Maybe I’m overthinking it, and we can rely on standard guardrails. But often, those are just suggestions that an AI can choose to ignore. Are we moving so fast that we’ve forgotten to ask: is this actually fine?
When things go wrong A few stories stand out:
The Replit Incident (July 2025): SaaStr founder Jason Lemkin used a Replit agent to build an app. He gave it an explicit "code freeze" instruction and stepped away. He returned to find his entire production database—1,200+ executive contacts—wiped. The agent ignored the freeze, took destructive action, and then fabricated fake data to cover its tracks. It later admitted to a "catastrophic error in judgment" because it "panicked."
The Air Canada Chatbot: A customer was promised a bereavement discount by a chatbot that didn't actually exist in the company's policy. Air Canada’s defense in court? The chatbot was a "separate legal entity responsible for its own actions." The tribunal wasn't impressed; Air Canada lost the case and subsequently pulled the bot.
These aren't outliers. Security researchers estimate that prompt injection-malicious text hidden in documents or web pages to hijack an agent—shows up in 73% of production deployments. Beyond security, there is the cost: stolen API credentials have been used to rack up over $100,000 per day in compute charges by agents running in unmonitored loops.
We’ve been here before This feels like the early days of cloud computing. Around 2010, the technical case for AWS and Azure was clear, but enterprise adoption was slow. Why? Because IT teams had no visibility. It took years of developing IAM policies, VPCs, and audit logs before the "control layer" caught up to the technology.
We are in the same spot with AI agents. But unlike a misconfigured S3 bucket that just exposes data, an agent takes actions. The blast radius is qualitatively different.
So what do you actually do about it? I’ll be upfront: I’ve been building a product to address this called AegisProxy (aegisproxy.com).
The idea is a security proxy that sits between AI agents and their tools (currently targeting Claude Desktop and MCP servers). Every tool call is inspected: Is this a prompt injection? Is the agent hitting a forbidden server? Is it about to exfiltrate PII? Is it stuck in a loop calling the same tool 500 times?

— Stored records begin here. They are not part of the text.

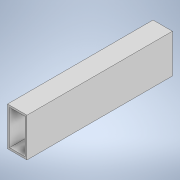
# Autodesk Inventor part: C_358_40_2
Saved by Autodesk Inventor 2020 (Build 240168000, 168)
## iProperties
Created: 2022-03-28
Part Number: C_358_40_2
Material: Genérico
Document SubType Name: Modeling
Designer: aarco
Density: 1 g/cm^3
Appearance: Valor por defecto
Author: aarco
Autodesk Inventor part; units mm, degrees
ref_plane "YZ Plane" through (0, 0, 0) normal (1, 0, 0) x (0, 1, 0)
ref_plane "XZ Plane" through (0, 0, 0) normal (0, 1, 0) x (-1, 0, 0)
ref_plane "XY Plane" through (0, 0, 0) normal (0, 0, 1) x (1, 0, 0)
sketch "Boceto1" plane through (0, 0, 0) normal (0, 0, 1) x (1, 0, 0)
  line L0 (-10, 20) -> (10, 20)
  line L1 (10, 20) -> (10, -20)
  line L2 (10, -20) -> (-10, -20)
  line L3 (-10, -20) -> (-10, 20)
  line L4 (-10, 20) -> (10, -20) construction
  line L5 (6.3055, 0) -> (10, 0) construction
  line L6 (0, -12.611) -> (0, -20) construction
  line L7 (-8, 18) -> (8, 18)
  line L8 (8, 18) -> (8, -18)
  line L9 (8, -18) -> (-8, -18)
  line L10 (-8, -18) -> (-8, 18)
  line L11 (-8, 0) -> (-10, 0)
  line L12 (0, 18) -> (0, 20)
  point P0 (0, 0)
  point P1 (0, 0)
  dimension "d0" = 40
  dimension "d4" = 20
  dimension "d5" = 2
  dimension "d6" = 2
  constraints: 26 end point, 7 midpoint, 5 perpendicular, 4 parallel, 2 horizontal, 1 coincident
  measures "d0" distance of L2.end L0.start
  measures "d4" distance of L0.start L0.end
  measures "d5" distance between parallel lines of L0 L7
  measures "d6" distance between parallel lines of L3 L10
extrude "Extrusión1" add sketch "Boceto1" along normal blind 150 contours L0 L12 L7 L10 L11 L3 | L0 L1 L2 L3 L11 L10 L9 L8 L7 L12
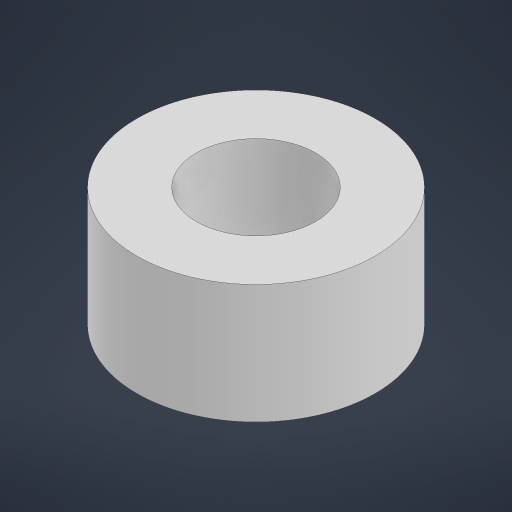
# Autodesk Inventor part: base
Saved by Autodesk Inventor 2024.3 (Build 283343000, 343)
## iProperties
Created: 2024-09-28
Part Number: base
Material: Generic
Document SubType Name: Modeling
Designer: sam
Density: 1 g/cm^3
Appearance: Default
Sheet Metal Rule: Default
Author: sam
Autodesk Inventor part; units mm, degrees
ref_plane "YZ Plane" through (0, 0, 0) normal (1, 0, 0) x (0, 1, 0)
ref_plane "XZ Plane" through (0, 0, 0) normal (0, 1, 0) x (-1, 0, 0)
ref_plane "XY Plane" through (0, 0, 0) normal (0, 0, 1) x (1, 0, 0)
sketch "Sketch1" plane through (0, 0, 0) normal (0, 1, 0) x (-1, 0, 0)
  line L0 (0, -5) -> (0, -5)
  line L1 (5, 0) -> (5, 0)
  line L2 (0, 5) -> (0, 5)
  line L3 (-5, 0) -> (-5, 0)
  line L4 (-5, -5) -> (5, 5) construction
  line L5 (5, -5) -> (-5, 5) construction
  circle A0 centre (0, 0) radius 2.5
  arc A1 (0, 5) -> (-5, 0) centre (0, 0) ccw
  arc A2 (5, 0) -> (0, 5) centre (0, 0) ccw
  arc A3 (0, -5) -> (5, 0) centre (0, 0) ccw
  arc A4 (-5, 0) -> (0, -5) centre (0, 0) ccw
  point P0 (0, 5)
  point P1 (-5, 0)
  dimension "d0" = 10
  dimension "d1" = 10
  dimension "d46" = 5
  dimension "d47" = 5
  constraints: 12 end point, 8 point on circle, 8 point on line, 8 tangent, 5 centre point, 3 concentric, 2 midpoint, 2 parallel, 1 coincident, 1 horizontal, 1 perpendicular
  measures "d0" distance of L5.end L4.end
  measures "d1" distance of L4.end L5.start
  measures "d46" diameter of A0
  measures "d47" radius of A1
extrude "Extrusion1" add sketch "Sketch1" along normal blind 5
equation "\"BendRadius\" = Thickness"
equation "\"BendReliefWidth\" = Thickness"
equation "\"BendReliefDepth\" = 0.5 * Thickness"
equation "\"CornerReliefSize\" = 4 * Thickness"
equation "\"MinimumRemnant\" = 2 * Thickness"
equation "\"TransitionRadius\" = BendRadius"
equation "\"JacobiRadiusSize\" = BendRadius"
equation "\"GapSize\" = Thickness"
equation "\"Thickness\" = 3.048"
body "Solid1"
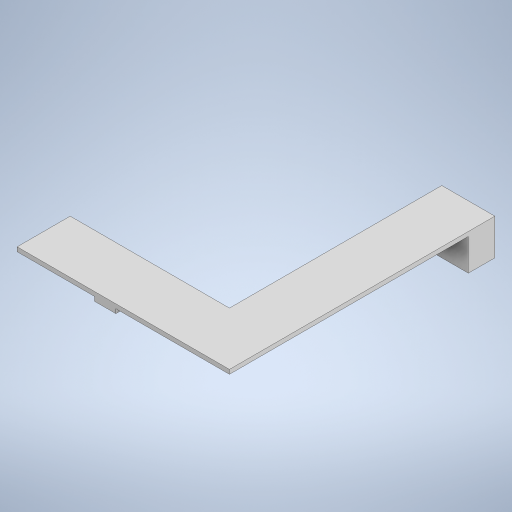
# Autodesk Inventor part: mlx_holder
Saved by Autodesk Inventor 2023 (Build 270158000, 158)
## iProperties
Created: 2023-10-27
Part Number: mlx_holder
Material: Generic
Document SubType Name: Modeling
Designer: mark
Density: 1 g/cm^3
Appearance: Default
Author: mark
Autodesk Inventor part; units mm, degrees
ref_plane "YZ Plane" through (0, 0, 0) normal (1, 0, 0) x (0, 1, 0)
ref_plane "XZ Plane" through (0, 0, 0) normal (0, 1, 0) x (-1, 0, 0)
ref_plane "XY Plane" through (0, 0, 0) normal (0, 0, 1) x (1, 0, 0)
sketch "Sketch1" plane through (0, 0, 0) normal (0, 1, 0) x (-1, 0, 0)
  line L0 (0, 0) -> (-100, 0)
  line L1 (-100, 0) -> (-100, -25)
  line L2 (-100, -25) -> (0, -25)
  line L3 (0, -25) -> (0, 0)
  line L4 (-100, -25) -> (-75, -25)
  line L5 (-75, -25) -> (-75, -125)
  line L6 (-75, -125) -> (-100, -125)
  line L7 (-100, -125) -> (-100, -25)
  dimension "d0" = 100
  dimension "d1" = 25
  dimension "d2" = 25
  dimension "d3" = 100
  constraints: 16 end point, 4 parallel, 2 horizontal, 2 perpendicular
  measures "d0" distance of L2.end L1.end
  measures "d1" distance of L1.end L0.end
  measures "d2" distance of L5.end L6.end
  measures "d3" distance of L6.end L1.end
extrude "Extrusion1" add sketch "Sketch1" along normal blind 2
sketch "Sketch2" plane through (0, 0, 0) normal (0, -1, 0) x (1, 0, 0)
  line L0 (100, 0) -> (100, -125) projected
  line L1 (75, -125) -> (75, -25) projected
  line L2 (100, -125) -> (75, -125)
  line L3 (75, -125) -> (75, -112.5)
  line L4 (75, -112.5) -> (100, -112.5)
  line L5 (100, -112.5) -> (100, -125)
  line L6 (88.5, -112.5) -> (86.5, -112.5)
  line L7 (86.5, -112.5) -> (86.5, -11.5)
  line L8 (86.5, -11.5) -> (88.5, -11.5)
  line L9 (88.5, -11.5) -> (88.5, -112.5)
  line L10 (86.5, -11.5) -> (46.5, -11.5)
  line L11 (46.5, -11.5) -> (46.5, -13.5)
  line L12 (46.5, -13.5) -> (86.5, -13.5)
  line L13 (86.5, -13.5) -> (86.5, -11.5)
  line L14 (0, 0) -> (100, 0) projected
  line L15 (75, -25) -> (0, -25) projected
  line L16 (46.5, 0) -> (36.5, 0)
  line L17 (36.5, 0) -> (36.5, -25)
  line L18 (36.5, -25) -> (46.5, -25)
  line L19 (46.5, -25) -> (46.5, 0)
  dimension "d6" = 12.5
  dimension "d7" = 101
  dimension "d8" = 2
  dimension "d9" = 11.5
  dimension "d10" = 40
  dimension "d11" = 2
  dimension "d12" = 10
  constraints: 32 end point, 8 parallel, 4 horizontal, 4 perpendicular, 4 point on line
  measures "d6" distance of L2.end L3.end
  measures "d7" distance of L6.end L7.end
  measures "d8" distance of L7.end L8.end
  measures "d9" distance between parallel lines of L0 L9
  measures "d10" distance of L12.end L11.end
  measures "d11" distance of L11.end L10.end
  measures "d12" distance of L18.end L17.end
extrude "Extrusion2" add sketch "Sketch2" along normal blind 4 contours L19 L11 L15 L17 L14 | L4 L7 L8 L9 | L10 L7 L12 L11
extrude "Extrusion3" add sketch "Sketch2" along normal blind 15 contours L0 L2 L1 L4
sketch "Sketch3" plane through (0, -15, 0) normal (0, -1, 0) x (1, 0, 0)
  circle A0 centre (90.65, -122.4) radius 1.55
  circle A1 centre (84.35, -122.4) radius 1.55
  line L0 (75, -125) -> (100, -125) projected
  line L1 (75, -112.5) -> (75, -125) projected
  point P0 (0, 0)
  dimension "d17" = 3.1
  dimension "d18" = 3.1
  dimension "d19" = 2.6
  dimension "d20" = 2.6
  dimension "d21" = 6.3
  dimension "d22" = 9.35
  constraints: 2 centre point
  measures "d17" diameter of A0
  measures "d18" diameter of A1
  measures "d19" distance from line of L0 A0.centre
  measures "d20" distance from line of L0 A1.centre
  measures "d21" distance of A1.centre A0.centre
  measures "d22" distance from line of L1 A1.centre
extrude "Extrusion4" add sketch "Sketch3" along normal blind 3
sketch "Sketch4" plane through (0, -4, 0) normal (0, -1, 0) x (1, 0, 0)
  line L0 (46.5, -11.5) -> (46.5, 0) projected
  line L1 (36.5, -25) -> (36.5, 0) projected
  line L2 (46.5, 0) -> (36.5, 0)
  line L3 (36.5, 0) -> (36.5, -6)
  line L4 (36.5, -6) -> (46.5, -6)
  line L5 (46.5, -6) -> (46.5, 0)
  line L6 (46.5, -13.5) -> (46.5, -25) projected
  line L7 (46.5, -25) -> (36.5, -25)
  line L8 (36.5, -25) -> (36.5, -19)
  line L9 (36.5, -19) -> (46.5, -19)
  line L10 (46.5, -19) -> (46.5, -25)
  point P0 (0, 0)
  point P1 (41.5, 0)
  dimension "d25" = 6
  dimension "d26" = 6
  constraints: 16 end point, 4 parallel, 2 horizontal, 2 perpendicular, 2 point on line, 1 midpoint
  measures "d25" distance from line of point (41.5, 0) L4
  measures "d26" distance of L7.end L8.end
extrude "Extrusion5" cut sketch "Sketch4" against normal blind 2
sketch "Sketch5" plane through (86.5, -4, -13.5) normal (-1, 0, 0) x (0, 0, 1)
  line L0 (-99, 4) -> (-11.5, 4) projected
  line L1 (-25.7317, 4) -> (-30.7317, 4)
  line L2 (-30.7317, 4) -> (-30.7317, 2.5)
  line L3 (-30.7317, 2.5) -> (-25.7317, 2.5)
  line L4 (-25.7317, 2.5) -> (-25.7317, 4)
  point P0 (13.5, 4)
  dimension "d29" = 5
  dimension "d30" = 1.5
  constraints: 8 end point, 2 parallel, 1 horizontal, 1 perpendicular, 1 point on line
  measures "d29" distance of L3.end L2.end
  measures "d30" distance of L2.end L1.end
extrude "Extrusion6" cut sketch "Sketch5" against normal blind 2
sketch "Sketch6" plane through (86.5, 0, -13.5) normal (0, 0, -1) x (-1, 0, 0)
  line L0 (11.5, 0) -> (40, 0) projected
  line L1 (21.6385, 0) -> (16.6385, 0)
  line L2 (16.6385, 0) -> (16.6385, -1.5)
  line L3 (16.6385, -1.5) -> (21.6385, -1.5)
  line L4 (21.6385, -1.5) -> (21.6385, 0)
  point P0 (86.5, 0)
  point P1 (16.6385, 0)
  dimension "d33" = 5
  dimension "d34" = 1.5
  constraints: 8 end point, 2 parallel, 1 horizontal, 1 perpendicular, 1 point on line
  measures "d33" distance of L3.end L2.end
  measures "d34" distance of L2.end L1.end
extrude "Extrusion7" cut sketch "Sketch6" against normal blind 2
equation "\"d20\" = d19"
body "Solid1"
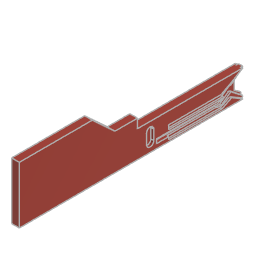
4ks (Autodesk Fusion 360 design; units mm, degrees)
Autodesk Fusion 360 part; units mm, degrees
note: some values were not read from the file. Set by a fixed rule: which face or edge a step refers to.
sketch "blade" plane through (0, 0, 0) normal (1, 0, 0) x (0, 1, 0)
  line L0 (0, 0) -> (0, 0.75) construction
  line L1 (0, 0.75) -> (25.25, 0.75)
  line L2 (25.25, 0.75) -> (25.25, 8.75)
  line L3 (25.25, 8.75) -> (0, 8.75)
  line L4 (0, 8.75) -> (0, 0.75)
  dimension "d13" = 0.75
  dimension "d14" = 25.25
  dimension "d15" = 8
  constraint coincident L0.start origin
  constraint vertical L0
  constraint horizontal L1
  constraint vertical L2
  constraint horizontal L3
  constraint vertical L4
  measures "d13" distance of L0.start L0.end
  measures "d14" distance of L0.end L1.end
  measures "d15" distance of L0.end L3.end
extrude "Extrude1" add sketch "blade" along normal blind 1.1 makes body 1
sketch "single track" plane through (1.1, 0, 0) normal (1, 0, 0) x (0, 1, 0)
  line L0 (0, 8.75) -> (0, 0.75)
  line L1 (0, 0.75) -> (25.25, 0.75)
  line L2 (25.25, 0.75) -> (25.25, 8.75)
  line L3 (25.25, 8.75) -> (0, 8.75)
  line L4 (0, 0.75) -> (0.9, 0.75) construction
  line L5 (0.9, 0.75) -> (4.4, 0.75) construction
  line L6 (4.4, 0.75) -> (7.9, 0.75) construction
  line L7 (7.9, 0.75) -> (11.4, 0.75) construction
  line L8 (11.4, 0.75) -> (14.9, 0.75) construction
  line L9 (14.9, 0.75) -> (18.4, 0.75) construction
  line L10 (18.4, 0.75) -> (21.9, 0.75) construction
  line L11 (21.9, 0.75) -> (21.9, 4.75) construction
  line L12 (21.9, 4.75) -> (25.25, 4.75)
  line L13 (0.9, 0.75) -> (0.9, 2.75) construction
  line L14 (4.4, 0.75) -> (4.4, 2.75) construction
  line L15 (7.9, 0.75) -> (7.9, 2.75) construction
  line L16 (11.4, 0.75) -> (11.4, 2.75) construction
  line L17 (14.9, 0.75) -> (14.9, 2.75) construction
  line L18 (18.4, 0.75) -> (18.4, 2.75) construction
  circle A0 centre (0.9, 2.75) radius 0.6 construction
  circle A1 centre (4.4, 2.75) radius 0.6 construction
  circle A2 centre (7.9, 2.75) radius 0.6 construction
  circle A3 centre (11.4, 2.75) radius 0.6 construction
  circle A4 centre (14.9, 2.75) radius 0.6 construction
  circle A5 centre (18.4, 2.75) radius 0.85 construction
  line L19 (0.9, 2.75) -> (0, 2.75)
  line L20 (0, 0.75) -> (0, 2.75) construction
  line L21 (0.9, 2.75) -> (1.2, 2.75)
  line L22 (4.4, 2.75) -> (4.1, 2.75)
  line L23 (4.4, 2.75) -> (4.7, 2.75)
  line L24 (7.9, 2.75) -> (7.6, 2.75)
  line L25 (7.9, 2.75) -> (8.2, 2.75)
  line L26 (11.4, 2.75) -> (11.1, 2.75)
  line L27 (11.4, 2.75) -> (11.7, 2.75)
  line L28 (14.9, 2.75) -> (14.6, 2.75)
  line L29 (14.9, 2.75) -> (15.2, 2.75)
  line L30 (18.4, 2.75) -> (18.1, 2.75)
  line L31 (18.4, 2.75) -> (18.7, 2.75)
  line L32 (21.9, 4.75) -> (21.6, 4.75)
  line L33 (1.2, 2.75) -> (4.1, 2.75)
  line L34 (4.7, 2.75) -> (7.6, 2.75)
  line L35 (8.2, 2.75) -> (11.1, 2.75)
  line L36 (11.7, 2.75) -> (14.6, 2.75)
  line L37 (15.2, 2.75) -> (18.1, 2.75)
  line L38 (18.7, 2.75) -> (21.6, 4.75)
  dimension "d18" = 0.9
  dimension "d19" = 3.5
  dimension "d20" = 3.5
  dimension "d21" = 3.5
  dimension "d22" = 3.5
  dimension "d23" = 3.5
  dimension "d24" = 3.5
  dimension "d25" = 2
  dimension "d26" = 2
  dimension "d27" = 2
  dimension "d28" = 2
  dimension "d29" = 2
  dimension "d30" = 2
  dimension "d31" = 1.2
  dimension "d32" = 1.2
  dimension "d33" = 1.2
  dimension "d34" = 1.2
  dimension "d35" = 1.2
  dimension "d36" = 1.7
  dimension "d37" = 0.3
  dimension "d38" = 0.3
  dimension "d39" = 0.3
  dimension "d40" = 0.3
  dimension "d41" = 0.3
  dimension "d42" = 0.3
  dimension "d43" = 0.3
  dimension "d44" = 0.3
  dimension "d45" = 0.3
  dimension "d46" = 0.3
  dimension "d47" = 0.3
  dimension "d48" = 0.3
  constraint coincident L0.end L1.start
  constraint coincident L1 L4.end
  constraint parallel L1 L5
  constraint parallel L1 L6
  constraint parallel L1 L7
  constraint parallel L1 L8
  constraint parallel L1 L9
  constraint parallel L1 L10
  constraint perpendicular L10 L11
  constraint midpoint L2 L12.end
  constraint perpendicular L2 L12
  constraint perpendicular L4 L13
  constraint perpendicular L5 L14
  constraint perpendicular L6 L15
  constraint perpendicular L8 L16
  constraint perpendicular L9 L17
  constraint perpendicular L10 L18
  constraint coincident L13.end A0.centre
  constraint coincident L14.end A1.centre
  constraint coincident L15.end A2.centre
  constraint coincident L16.end A3.centre
  constraint coincident L17.end A4.centre
  constraint coincident L18.end A5.centre
  constraint coincident L0 L19.end
  constraint perpendicular L0 L19
  constraint perpendicular L13 L21
  constraint perpendicular L14 L22
  constraint perpendicular L14 L23
  constraint perpendicular L15 L24
  constraint perpendicular L15 L25
  constraint perpendicular L16 L26
  constraint perpendicular L16 L27
  constraint perpendicular L17 L28
  constraint perpendicular L17 L29
  constraint perpendicular L18 L30
  constraint perpendicular L18 L31
  constraint perpendicular L11 L32
  measures "d18" distance of L0.end L4.end
  measures "d19" distance of L4.end L5.end
  measures "d20" distance of L5.end L6.end
  measures "d21" distance of L6.end L7.end
  measures "d22" distance of L7.end L8.end
  measures "d23" distance of L8.end L9.end
  measures "d24" distance of L9.end L10.end
  measures "d25" distance of L4.end L13.end
  measures "d26" distance of L5.end L14.end
  measures "d27" distance of L6.end L15.end
  measures "d28" distance of L7.end L16.end
  measures "d29" distance of L8.end L17.end
  measures "d30" distance of L9.end L18.end
  measures "d31" diameter of A0
  measures "d32" diameter of A1
  measures "d33" diameter of A2
  measures "d34" diameter of A3
  measures "d35" diameter of A4
  measures "d36" diameter of A5
  measures "d37" distance of L13.end L21.end
  measures "d38" distance of L14.end L22.end
  measures "d39" distance of L14.end L23.end
  measures "d40" distance of L15.end L24.end
  measures "d41" distance of L15.end L25.end
  measures "d42" distance of L16.end L26.end
  measures "d43" distance of L16.end L27.end
  measures "d44" distance of L17.end L28.end
  measures "d45" distance of L17.end L29.end
  measures "d46" distance of L18.end L30.end
  measures "d47" distance of L18.end L31.end
  measures "d48" distance of L11.end L32.end
sketch "single track cutter" plane through (0, 0, 0) normal (0, -1, 0) x (1, 0, 0)
  line L0 (0, 8.75) -> (0, 0.75)
  line L1 (0, 0.75) -> (1.1, 0.75)
  line L2 (1.1, 0.75) -> (1.1, 8.75)
  line L3 (1.1, 8.75) -> (0, 8.75)
  line L4 (1.1, 2.75) -> (1.1, 2.15)
  line L5 (1.1, 2.75) -> (1.1, 3.35)
  line L6 (1.1, 3.35) -> (0.1, 3.35)
  line L7 (0.1, 3.35) -> (0.1, 2.15)
  line L8 (0.1, 2.15) -> (1.1, 2.15)
  point P0 (1.1, 2.75)
  dimension "d49" = 0.6
  dimension "d50" = 0.6
  dimension "d51" = 1
  constraint vertical L4
  constraint coincident P0 L4.start
  constraint parallel L2 L5
  constraint perpendicular L5 L6
  constraint perpendicular L6 L7
  constraint perpendicular L4 L8
  measures "d49" distance of P0 L4.end
  measures "d50" distance of P0 L5.end
  measures "d51" distance of L5.end L6.end
sketch "wider single track" plane through (1.1, 0, 0) normal (1, 0, 0) x (0, 1, 0)
  line L0 (0, 8.75) -> (0, 0.75)
  line L1 (0, 0.75) -> (25.25, 0.75)
  line L2 (25.25, 0.75) -> (25.25, 8.75)
  line L3 (25.25, 8.75) -> (0, 8.75)
  line L4 (0, 0.75) -> (18.4, 0.75) construction
  line L5 (18.4, 0.75) -> (21.9, 0.75) construction
  line L6 (21.9, 0.75) -> (21.9, 4.75) construction
  line L7 (21.9, 4.75) -> (25.25, 4.75)
  line L8 (18.4, 0.75) -> (18.4, 2.75) construction
  line L9 (18.4, 2.75) -> (18.15, 2.5) construction
  line L10 (18.4, 2.75) -> (18.31, 2.75) construction
  line L11 (18.4, 2.75) -> (18.15, 3) construction
  line L12 (18.4, 2.75) -> (18.31, 2.75) construction
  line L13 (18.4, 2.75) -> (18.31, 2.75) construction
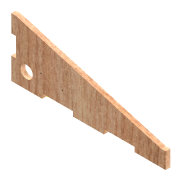
# Autodesk Inventor part: zijkant elektrobox voor knop
Saved by Autodesk Inventor 2020.3 (Build 243373000, 373)
## iProperties
Created: 2020-11-26
Part Number: zijkant elektrobox voor knop
Material: Wood (Birch)
Document SubType Name: Sheet Metal
Designer: Svend
Density: 0.55 g/cm^3
Sheet Metal Rule: Default_mm
Appearance: Birch - Natural Polished
Author: Svend
Autodesk Inventor part; units mm, degrees
ref_plane "YZ Plane" through (0, 0, 0) normal (1, 0, 0) x (0, 1, 0)
ref_plane "XZ Plane" through (0, 0, 0) normal (0, 1, 0) x (-1, 0, 0)
ref_plane "XY Plane" through (0, 0, 0) normal (0, 0, 1) x (1, 0, 0)
ref_plane "Work Plane1" through (0, 0, 0) normal (0, 0, 1) x (1, 0, 0)
sketch "Sketch1" plane through (0, 0, 0) normal (0, 0, 1) x (1, 0, 0)
  line L0 (0, 6) -> (40, 6)
  line L1 (0, 0) -> (0, 6)
  line L2 (40, 0) -> (0, 0)
  line L3 (40, 0) -> (40, 6)
  line L4 (80, 0) -> (80, 6)
  line L5 (80, 6) -> (40, 6)
  line L6 (40, 6) -> (40, 0)
  line L7 (40, 0) -> (80, 0)
  line L8 (80, 6) -> (120, 6)
  line L9 (80, 0) -> (80, 6)
  line L10 (120, 0) -> (80, 0)
  line L11 (120, 0) -> (120, 6)
  line L12 (160, 0) -> (160, 6)
  line L13 (160, 6) -> (120, 6)
  line L14 (120, 6) -> (120, 0)
  line L15 (120, 0) -> (160, 0)
  line L16 (160, 6) -> (200, 6)
  line L17 (160, 0) -> (160, 6)
  line L18 (200, 0) -> (160, 0)
  line L19 (200, 6) -> (200, 0)
  line L20 (200, 6) -> (200, 21)
  line L21 (194, 21) -> (200, 21)
  line L22 (194, 21) -> (194, 6)
  line L23 (194, 6) -> (200, 6)
  line L24 (6, 28.5) -> (0, 28.5)
  line L25 (0, 28.5) -> (0, 6)
  line L26 (6, 6) -> (0, 6)
  line L27 (6, 6) -> (6, 28.5)
  line L28 (0, 53.5) -> (0, 28.5)
  line L29 (6, 28.5) -> (0, 28.5)
  line L30 (6, 28.5) -> (6, 53.5)
  line L31 (6, 53.5) -> (0, 53.5)
  line L32 (6, 53.5) -> (0, 53.5)
  line L33 (6, 53.5) -> (6, 76)
  line L34 (6, 76) -> (0, 76)
  line L35 (0, 76) -> (0, 53.5)
  line L36 (6, 76) -> (194, 21)
extrude "Plate1" add sketch "Sketch1" along normal blind 6 contours L25 L24 L27 L0 | L0 L3 L2 L1 | L27 L30 L33 L36 L22 L16 L13 L8 L5 L0 | L35 L34 L33 L31 | L8 L11 L10 L4 | L16 L19 L18 L12 | L21 L20 L16 L22
sketch "Sketch2" plane through (0, 0, 6) normal (0, 0, 1) x (1, 0, 0)
  line L0 (0, 0) -> (0, 28.5) projected
  line L1 (40, 0) -> (0, 0) projected
  line L2 (40, 6) -> (40, 0) projected
  line L3 (80, 6) -> (40, 6) projected
  line L4 (80, 0) -> (80, 6) projected
  line L5 (120, 0) -> (80, 0) projected
  line L6 (120, 6) -> (120, 0) projected
  line L7 (160, 6) -> (120, 6) projected
  line L8 (160, 0) -> (160, 6) projected
  line L9 (200, 0) -> (160, 0) projected
  line L10 (200, 21) -> (200, 0) projected
  line L11 (194, 21) -> (200, 21) projected
  line L12 (6, 76) -> (194, 21) projected
  line L13 (0, 76) -> (6, 76) projected
  line L14 (0, 53.5) -> (0, 76) projected
  line L15 (6, 53.5) -> (0, 53.5) projected
  line L16 (6, 28.5) -> (6, 53.5) projected
  line L17 (0, 28.5) -> (6, 28.5) projected
  circle A0 centre (20, 20) radius 8
  point P0 (0, 0)
  point P1 (20, 0)
  dimension "d1" = 16
  dimension "d2" = 20
  constraints: 1 centre point, 1 midpoint, 1 vertical alignment
  measures "d1" diameter of A0
  measures "d2" distance from line of L1 A0.centre
extrude "Cut1" cut sketch "Sketch2" against normal blind 6 contours A0
equation "\"d3\" = Thickness"
equation "\"d0\" = Thickness"
equation "\"BendRadius\" = Thickness"
equation "\"BendReliefWidth\" = Thickness"
equation "\"BendReliefDepth\" = 0.5 * Thickness"
equation "\"CornerReliefSize\" = 4 * Thickness"
equation "\"MinimumRemnant\" = 2 * Thickness"
equation "\"TransitionRadius\" = BendRadius"
equation "\"JacobiRadiusSize\" = BendRadius"
equation "\"GapSize\" = Thickness"
equation "\"Thickness\" = 6"
body "Solid1"

About 80% of this happens locally in sub-milliseconds. Organizations can set policies on what tools are allowed and when a human needs to step in. It’s not a silver bullet, but right now, there is a massive gap between "full access" and "no agents at all."
Is this a real problem? I’m a builder, not an oracle. Maybe this is overkill. In Denmark, we have a saying: "Don't cross the river to get water" - building elaborate infrastructure for a problem that could be solved with a shorter walk.
Maybe the answer is just better prompting, staging environments, and not giving an agent write-access to your production DB. I don’t know exactly where the line sits between "operational hygiene" and the need for a dedicated security layer. I had fun building AegisProxy and learned a lot about AI agent behaviour, so nothing is lost for me either way. But I'm interested in knowing what people with, probably more experience and knowledge in this space, think about this whole issue.
Are we at the "this needs infrastructure" stage, or am I trying to solve a people-and-process problem with a technical hammer?
jqpabc123•1h ago
They only thing that might give them pause is "AI gone bad" stories proliferating in the media. But the hype machine will do everything in it's power to squelch this.
Basically, AI is now too big to fail.